** Data under study follows **

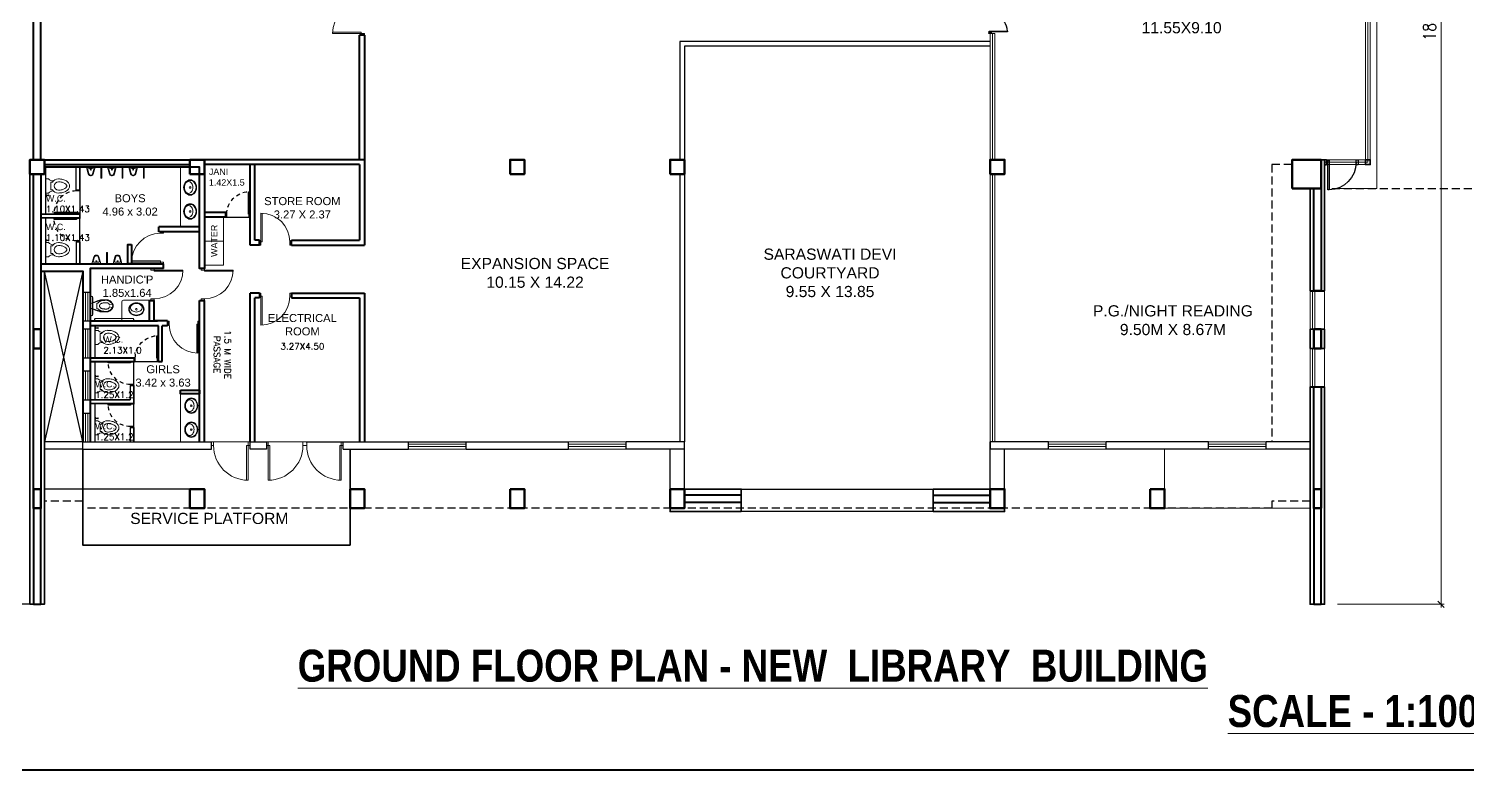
# Model space of a CAD drawing. Header units: inches. Extents: x 90 to 192, y -209 to -101.
# Drawn here: x 112.89 to 157.83, y -209.09 to -185.9 of the extents above; entities that cross this region are included whole.
import ezdxf

# ---------------------------------------------------------------- set-up
doc = ezdxf.new("R2010")
doc.units = ezdxf.units.IN
doc.header["$MEASUREMENT"] = 0
doc.linetypes.add('DASHED', pattern=[0.75, 0.5, -0.25])
doc.linetypes.add('HIDDEN', pattern=[0.375, 0.25, -0.125])
for name, color, linetype, lineweight in [('A-Col', 2, 'Continuous', 50), ('A-DOOR', 30, 'Continuous', 15), ('A-FIXT', 5, 'Continuous', 0), ('A-Wall', 1, 'Continuous', 40), ('ele-thin', 8, 'Continuous', 5), ('SANITARY', 120, 'Continuous', 15), ('staircase', 8, 'Continuous', 9), ('STONE-WALL', 7, 'Continuous', 35), ('Table', 7, 'Continuous', 20), ('WALL', 7, 'Continuous', 30), ('WIN', 4, 'Continuous', 13)]:
    doc.layers.add(name, color=color, linetype=linetype, lineweight=lineweight)
for name, color, linetype in [('BEAM-ABV', 8, 'HIDDEN'), ('DOOR', 8, 'Continuous'), ('PARAPET', 6, 'Continuous'), ('planter', 3, 'Continuous'), ('TEXT FURNI', 53, 'Continuous')]:
    doc.layers.add(name, color=color, linetype=linetype)
doc.styles.add('arial', font='arial.ttf')
doc.styles.add('ATT', font='txt')
doc.styles.add('SIMPLEX', font='simplex.shx', dxfattribs={"width": 0.8})
doc.styles.add('SWIS', font='ARIALN.TTF')
doc.dimstyles.new('DIM500', dxfattribs={"dimscale": 0.2, "dimtxt": 2, "dimasz": 1, "dimexe": 0.5, "dimexo": 2, "dimgap": 0.8, "dimtad": 1, "dimdec": 0, "dimlfac": 5000, "dimzin": 0, "dimdsep": 46, "dimtxsty": 'SIMPLEX', "dimblk": 'OBLIQUE', "dimcen": 1, "dimdle": 0.5, "dimclrd": 15, "dimclre": 15, "dimclrt": 13, "dimazin": 0, "dimtfac": 1, "dimtdec": 0, "dimtix": 1, "dimtmove": 0, "dimatfit": 0, "dimfxl": 0.5, "dimtolj": 1, "dimtzin": 0, "dimlwd": 20, "dimlwe": 20, "dimarcsym": 0})

# ---------------------------------------------------------------- blocks, each defined once
blk = doc.blocks.new('LAV-MM')
for points in [[(0, 198, 0.084101), (-94, 182, 0.091322), (-170, 138, 0.103814), (-223, 71, 0.114782), (-241, -5, 0.114782), (-223, -81, 0.103814), (-170, -149, 0.091322), (-94, -193, 0.084101), (0, -208, 0.084101), (94, -193, 0.091322), (171, -149, 0.103814), (224, -81, 0.114782), (241, -5, 0.114782), (224, 71, 0.103814), (171, 138, 0.091322), (94, 182, 0.084101)], [(0, 179, 0.084101), (-88, 164, 0.091322), (-158, 124, 0.103814), (-206, 62, 0.114782), (-222, -5, 0.114782), (-206, -73, 0.103814), (-158, -134, 0.091322), (-88, -175, 0.084101), (0, -189, 0.084101), (88, -175, 0.091322), (159, -134, 0.103814), (207, -73, 0.114782), (222, -5, 0.114782), (207, 62, 0.103814), (159, 124, 0.091322), (88, 164, 0.084101)], [(0, 82, 0.073018), (-73, 71, 0.084057), (-130, 43, 0.106512), (-171, -3, 0.130573), (-184, -51, 0.130573), (-171, -100, 0.106512), (-130, -146, 0.084057), (-73, -174, 0.073018), (0, -185, 0.073018), (73, -174, 0.084057), (130, -146, 0.106512), (171, -100, 0.130573), (184, -51, 0.130573), (171, -3, 0.106512), (130, 43, 0.084057), (73, 71, 0.073018)]]:
    blk.add_lwpolyline(points, format="xyb", close=True)
blk.add_circle((0, -5), 25.4)
blk = doc.blocks.new('0.75 M DOOR')
at = {"layer": 'Defpoints', "color": 251}
blk.add_line((1604.843, -116.774), (1604.843, -117.524), dxfattribs=at)
at = {"layer": 'DOOR', "color": 53}
for points in [[(1604.743, -116.799), (1604.743, -116.774), (1604.843, -116.774), (1604.843, -116.799), (1604.783, -116.799), (1604.783, -116.799)], [(1604.043, -117.499), (1604.743, -117.499), (1604.743, -117.474), (1604.043, -117.474)], [(1604.743, -117.499), (1604.743, -117.524), (1604.843, -117.524), (1604.843, -117.499), (1604.783, -117.499), (1604.783, -117.499)]]:
    blk.add_lwpolyline(points, close=True, dxfattribs=at)
at = {"layer": 'DOOR', "linetype": 'DASHED', "ltscale": 0.25}
blk.add_arc((1604.743, -117.5), 0.701, 90.0275, 177.8893, dxfattribs=at)
blk = doc.blocks.new('wc_p07')
at = {"color": 0, "linetype": 'ByBlock'}
for p, q in [((0.015, 18.682), (0, 18.69)), ((0, 18.602), (0, 18.69)), ((0, 18.602), (0.015, 18.609)), ((0, 18.131), (0, 18.572)), ((0.088, 18.572), (0, 18.572)), ((0.015, 18.609), (0.015, 18.682)), ((0.015, 18.653), (0.088, 18.66)), ((0.088, 18.631), (0.015, 18.638)), ((0.162, 18.469), (0.162, 18.234)), ((0.162, 18.469), (0.21, 18.469)), ((0, 18.131), (0.088, 18.131)), ((0.162, 18.234), (0.21, 18.234))]:
    blk.add_line(p, q, dxfattribs=at)
for points in [[(0.397, 18.131, 0.063415), (0.538, 18.149, 0.076468), (0.647, 18.196, 0.107136), (0.726, 18.273, 0.147373), (0.75, 18.352, 0.147373), (0.726, 18.43, 0.107136), (0.647, 18.508, 0.076468), (0.538, 18.554, 0.063415), (0.397, 18.572, 0.063415)], [(0.397, 18.219, 0.063415), (0.516, 18.234, 0.076468), (0.6, 18.27, 0.107136), (0.653, 18.322, 0.147373), (0.662, 18.352, 0.147373), (0.653, 18.381, 0.107136), (0.6, 18.433, 0.076468), (0.516, 18.469, 0.063415), (0.397, 18.484, 0.063415)]]:
    blk.add_lwpolyline(points, format="xyb", dxfattribs=at)
for centre, radius, start, end in [((0.088, 18.646), 0.0147, 270, 90), ((0.235, 18.707), 0.199, 222.5104, 271.6622), ((0.397, 18.352), 0.221, 90, 147.769), ((0.397, 18.352), 0.132, 90, 270), ((0.235, 17.996), 0.199, 88.3378, 137.4896), ((0.397, 18.352), 0.221, 212.231, 270)]:
    blk.add_arc(centre, radius, start, end, dxfattribs=at)
at = {"color": 0, "linetype": 'ByBlock', "style": 'ATT'}
for tag, p, flags in [('ITEM', (0, -17.5), 3), ('ROOM_NUMBER', (0, -26.5), 1)]:
    blk.add_attdef(tag, p, '', height=6, dxfattribs=dict(at, flags=flags))
blk = doc.blocks.new('6857352')
for p, q in [((0, 1000), (0, 950)), ((0, 950), (100, 950)), ((100, 950), (100, 1000)), ((0, 50), (100, 50)), ((0, 0), (0, 50)), ((100, 88), (1000, 88)), ((100, 50), (100, 88)), ((100, 50), (100, 0)), ((1000, 50), (100, 50))]:
    blk.add_line(p, q)
blk.add_arc((100, 50), 900, 0, 90)
blk = doc.blocks.new('DR_900')
for p, q in [((100, 1000), (0, 1000)), ((100, 0), (0, 0))]:
    blk.add_line(p, q)
blk.add_blockref('6857352', (0, 0))
blk = doc.blocks.new('DOOR')
at = {"layer": 'DOOR', "color": 53}
for points in [[(0.1, -0.055), (0.14, -0.055), (0.14, 0.821), (0.1, 0.821)], [(0, 0.077), (0.06, 0.077), (0.06, -0.073), (0, -0.073)], [(1, 0.077), (0.94, 0.077), (0.94, -0.073), (1, -0.073)]]:
    blk.add_lwpolyline(points, close=True, dxfattribs=at)
at = {"layer": 'DOOR'}
blk.add_arc((0.12, 0.002), 0.82, 0, 88.6024, dxfattribs=at)
blk = doc.blocks.new('T')
at = {"linetype": 'Continuous'}
for p, q in [((-521.033, 54.599), (-521.033, 54.653)), ((-520.826, 54.715), (-520.786, 54.715)), ((-520.826, 54.537), (-520.826, 54.715)), ((-520.826, 54.537), (-520.786, 54.537)), ((-520.533, 54.804), (-520.637, 54.803)), ((-520.533, 54.448), (-520.637, 54.449)), ((-520.421, 54.66), (-520.364, 54.679)), ((-520.421, 54.592), (-520.364, 54.573))]:
    blk.add_line(p, q, dxfattribs=at)
for points in [[(-521.002, 54.7, 0.049073), (-521.012, 54.694, 0.071294), (-521.018, 54.689, 0.026901), (-521.024, 54.681, 0.026901), (-521.029, 54.672, 0.071294), (-521.032, 54.664, 0.049073), (-521.033, 54.653)], [(-521.005, 54.699, 0.046235), (-521.014, 54.693, 0.068181), (-521.02, 54.687, 0.024334), (-521.025, 54.68, 0.024334), (-521.03, 54.672, 0.068181), (-521.032, 54.664, 0.046235), (-521.033, 54.653)], [(-521.033, 54.599, 0.046039), (-521.032, 54.587, 0.067963), (-521.029, 54.58, 0.024159), (-521.025, 54.572, 0.024159), (-521.02, 54.565, 0.067963), (-521.014, 54.559, 0.046039), (-521.005, 54.553)], [(-521.033, 54.599, 0.048877), (-521.032, 54.587, 0.071081), (-521.029, 54.58, 0.026721), (-521.024, 54.571, 0.026721), (-521.018, 54.563, 0.071081), (-521.012, 54.558, 0.048877), (-521.002, 54.552)], [(-520.311, 54.626, 0.061731), (-520.326, 54.686, 0.08428), (-520.35, 54.725, 0.039244), (-520.387, 54.763, 0.039244), (-520.43, 54.794, 0.08428), (-520.472, 54.811, 0.061731), (-520.534, 54.817), (-520.64, 54.815, 0.010106), (-520.663, 54.815, 0.018705), (-520.675, 54.814, 0.001509), (-520.693, 54.812, 0.001509), (-520.71, 54.81, 0.018704), (-520.722, 54.807, 0.010106), (-520.744, 54.802, 0.007056), (-520.803, 54.784, 0.01336), (-520.833, 54.773, 0.000753), (-520.876, 54.756, 0.000753), (-520.92, 54.738, 0.013359), (-520.95, 54.725, 0.007056), (-521.005, 54.699)], [(-520.311, 54.626, -0.061731), (-520.326, 54.566, -0.08428), (-520.35, 54.527, -0.039244), (-520.387, 54.489, -0.039244), (-520.43, 54.458, -0.08428), (-520.472, 54.441, -0.061731), (-520.534, 54.435), (-520.64, 54.437, -0.010106), (-520.663, 54.437, -0.018705), (-520.675, 54.438, -0.001509), (-520.693, 54.44, -0.001509), (-520.71, 54.442, -0.018704), (-520.722, 54.444, -0.010106), (-520.744, 54.449, -0.007056), (-520.803, 54.468, -0.01336), (-520.833, 54.479, -0.000753), (-520.876, 54.496, -0.000753), (-520.92, 54.514, -0.013359), (-520.95, 54.527, -0.007056), (-521.005, 54.553)], [(-520.836, 54.758, 0.004593), (-520.873, 54.747, 0.00886), (-520.892, 54.74, 0.000325), (-520.92, 54.731, 0.000325), (-520.947, 54.721, 0.00886), (-520.966, 54.714, 0.004593), (-521.002, 54.7)], [(-521.002, 54.552, 0.004589), (-520.966, 54.538, 0.008853), (-520.947, 54.531, 0.000325), (-520.92, 54.521, 0.000325), (-520.892, 54.512, 0.008853), (-520.873, 54.505, 0.004589), (-520.836, 54.494)], [(-520.637, 54.803, 0.010652), (-520.681, 54.798, 0.019636), (-520.705, 54.794, 0.001669), (-520.738, 54.786, 0.001669), (-520.771, 54.779, 0.019636), (-520.794, 54.772, 0.010652), (-520.836, 54.758)], [(-520.836, 54.494, 0.010652), (-520.794, 54.48, 0.019636), (-520.771, 54.473, 0.001669), (-520.738, 54.466, 0.001669), (-520.705, 54.458, 0.019636), (-520.681, 54.454, 0.010652), (-520.637, 54.449)], [(-520.751, 54.75, 0.011049), (-520.759, 54.743, 0.020309), (-520.763, 54.739, 0.00179), (-520.769, 54.733, 0.00179), (-520.775, 54.728, 0.020309), (-520.779, 54.723, 0.011049), (-520.786, 54.715)], [(-520.786, 54.537, 0.011049), (-520.779, 54.529, 0.020309), (-520.775, 54.524, 0.00179), (-520.769, 54.519, 0.00179), (-520.763, 54.513, 0.020309), (-520.759, 54.509, 0.011049), (-520.751, 54.502)], [(-520.677, 54.787, 0.014204), (-520.694, 54.781, 0.025524), (-520.703, 54.777, 0.002888), (-520.715, 54.771, 0.002888), (-520.728, 54.765, 0.025524), (-520.736, 54.76, 0.014204), (-520.751, 54.75)], [(-520.751, 54.502, 0.014204), (-520.736, 54.492, 0.025524), (-520.728, 54.487, 0.002888), (-520.715, 54.481, 0.002888), (-520.703, 54.475, 0.025524), (-520.694, 54.471, 0.014204), (-520.677, 54.465)], [(-520.726, 54.668, 0.053255), (-520.735, 54.653, 0.075737), (-520.739, 54.641, 0.030827), (-520.74, 54.626, 0.030827), (-520.739, 54.611, 0.075737), (-520.735, 54.599, 0.053255), (-520.726, 54.584)], [(-520.705, 54.689, 0.011049), (-520.71, 54.685, 0.020309), (-520.713, 54.682, 0.00179), (-520.716, 54.679, 0.00179), (-520.72, 54.675, 0.020309), (-520.722, 54.673, 0.011049), (-520.726, 54.668)], [(-520.726, 54.584, 0.011049), (-520.722, 54.579, 0.020309), (-520.72, 54.577, 0.00179), (-520.716, 54.573, 0.00179), (-520.713, 54.57, 0.020309), (-520.71, 54.567, 0.011049), (-520.705, 54.563)], [(-520.655, 54.714, 0.014204), (-520.666, 54.71, 0.025524), (-520.672, 54.708, 0.002888), (-520.681, 54.703, 0.002888), (-520.689, 54.699, 0.025524), (-520.695, 54.696, 0.014204), (-520.705, 54.689)], [(-520.705, 54.563, 0.014204), (-520.695, 54.556, 0.025524), (-520.689, 54.553, 0.002888), (-520.681, 54.549, 0.002888), (-520.672, 54.544, 0.025524), (-520.666, 54.542, 0.014204), (-520.655, 54.538)], [(-520.539, 54.801, 0.008408), (-520.569, 54.8, 0.015759), (-520.585, 54.799, 0.001058), (-520.608, 54.797, 0.001058), (-520.631, 54.795, 0.015759), (-520.647, 54.793, 0.008408), (-520.677, 54.787)], [(-520.677, 54.465, 0.008408), (-520.647, 54.459, 0.015759), (-520.631, 54.457, 0.001058), (-520.608, 54.455, 0.001058), (-520.585, 54.453, 0.015759), (-520.569, 54.452, 0.008408), (-520.539, 54.451)], [(-520.539, 54.725, 0.007613), (-520.564, 54.724, 0.014354), (-520.578, 54.724, 0.000873), (-520.597, 54.722, 0.000873), (-520.616, 54.72, 0.014354), (-520.63, 54.718, 0.007613), (-520.655, 54.714)], [(-520.655, 54.538, 0.007613), (-520.63, 54.534, 0.014354), (-520.616, 54.532, 0.000873), (-520.597, 54.53, 0.000873), (-520.578, 54.528, 0.014354), (-520.564, 54.528, 0.007613), (-520.539, 54.527)], [(-520.359, 54.7, 0.045371), (-520.384, 54.736, 0.067217), (-520.405, 54.755, 0.023568), (-520.436, 54.774, 0.023568), (-520.468, 54.79, 0.067217), (-520.496, 54.799, 0.045371), (-520.539, 54.801)], [(-520.468, 54.714, 0.012466), (-520.483, 54.718, 0.022681), (-520.492, 54.72, 0.002255), (-520.503, 54.722, 0.002255), (-520.515, 54.724, 0.022681), (-520.523, 54.724, 0.012466), (-520.539, 54.725)], [(-520.539, 54.451, 0.045371), (-520.496, 54.453, 0.067217), (-520.468, 54.461, 0.023568), (-520.436, 54.478, 0.023568), (-520.405, 54.497, 0.067217), (-520.384, 54.516, 0.045371), (-520.359, 54.552)], [(-520.539, 54.527, 0.012466), (-520.523, 54.528, 0.022681), (-520.515, 54.528, 0.002255), (-520.503, 54.53, 0.002255), (-520.492, 54.532, 0.022681), (-520.483, 54.534, 0.012466), (-520.468, 54.538)], [(-520.324, 54.626, 0.061411), (-520.339, 54.682, 0.083968), (-520.361, 54.718, 0.038917), (-520.396, 54.754, 0.038917), (-520.436, 54.783, 0.083968), (-520.476, 54.799, 0.061411), (-520.533, 54.804)], [(-520.432, 54.662, 0.027304), (-520.436, 54.675, 0.044944), (-520.44, 54.682, 0.009681), (-520.446, 54.691, 0.009681), (-520.452, 54.7, 0.044944), (-520.458, 54.706, 0.027304), (-520.468, 54.714)], [(-520.468, 54.538, 0.027304), (-520.458, 54.546, 0.044944), (-520.452, 54.552, 0.009681), (-520.446, 54.561, 0.009681), (-520.44, 54.57, 0.044944), (-520.436, 54.577, 0.027304), (-520.432, 54.59)], [(-520.432, 54.662, 0.039116), (-520.43, 54.661, 0.059988), (-520.428, 54.66, 0.018278), (-520.426, 54.66, 0.018278), (-520.424, 54.66, 0.059988), (-520.423, 54.66, 0.039116), (-520.421, 54.66)], [(-520.421, 54.592, 0.039116), (-520.423, 54.592, 0.059988), (-520.424, 54.592, 0.018278), (-520.426, 54.592, 0.018278), (-520.428, 54.592, 0.059988), (-520.43, 54.591, 0.039116), (-520.432, 54.59)], [(-520.364, 54.679, 0.051283), (-520.361, 54.68, 0.073662), (-520.359, 54.681, 0.028955), (-520.357, 54.684, 0.051283), (-520.356, 54.686, 0.051283), (-520.356, 54.688, 0.051283), (-520.355, 54.691, 0.051283), (-520.355, 54.693, 0.028955), (-520.356, 54.696, 0.073662), (-520.357, 54.698, 0.051283), (-520.359, 54.7)], [(-520.359, 54.552, 0.051283), (-520.357, 54.554, 0.073662), (-520.356, 54.556, 0.028955), (-520.355, 54.559, 0.051283), (-520.355, 54.561, 0.051283), (-520.356, 54.564, 0.051283), (-520.356, 54.566, 0.051283), (-520.357, 54.568, 0.028955), (-520.359, 54.57, 0.073662), (-520.361, 54.572, 0.051283), (-520.364, 54.573)]]:
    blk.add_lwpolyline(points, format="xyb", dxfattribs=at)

** End of Data under study **

Exercise brief: The images in the entries above should be left out; please reproduce exactly the lines from the first through the one containing "doc.linetypes.add('HIDDEN', pattern=[0.375, 0.25, -0.125])".

Reply to the exercise:
# Model space of a CAD drawing. Header units: inches. Extents: x 90 to 192, y -209 to -101.
# Drawn here: x 112.89 to 157.83, y -209.09 to -185.9 of the extents above; entities that cross this region are included whole.
import ezdxf

# ---------------------------------------------------------------- set-up
doc = ezdxf.new("R2010")
doc.units = ezdxf.units.IN
doc.header["$MEASUREMENT"] = 0
doc.linetypes.add('DASHED', pattern=[0.75, 0.5, -0.25])
doc.linetypes.add('HIDDEN', pattern=[0.375, 0.25, -0.125])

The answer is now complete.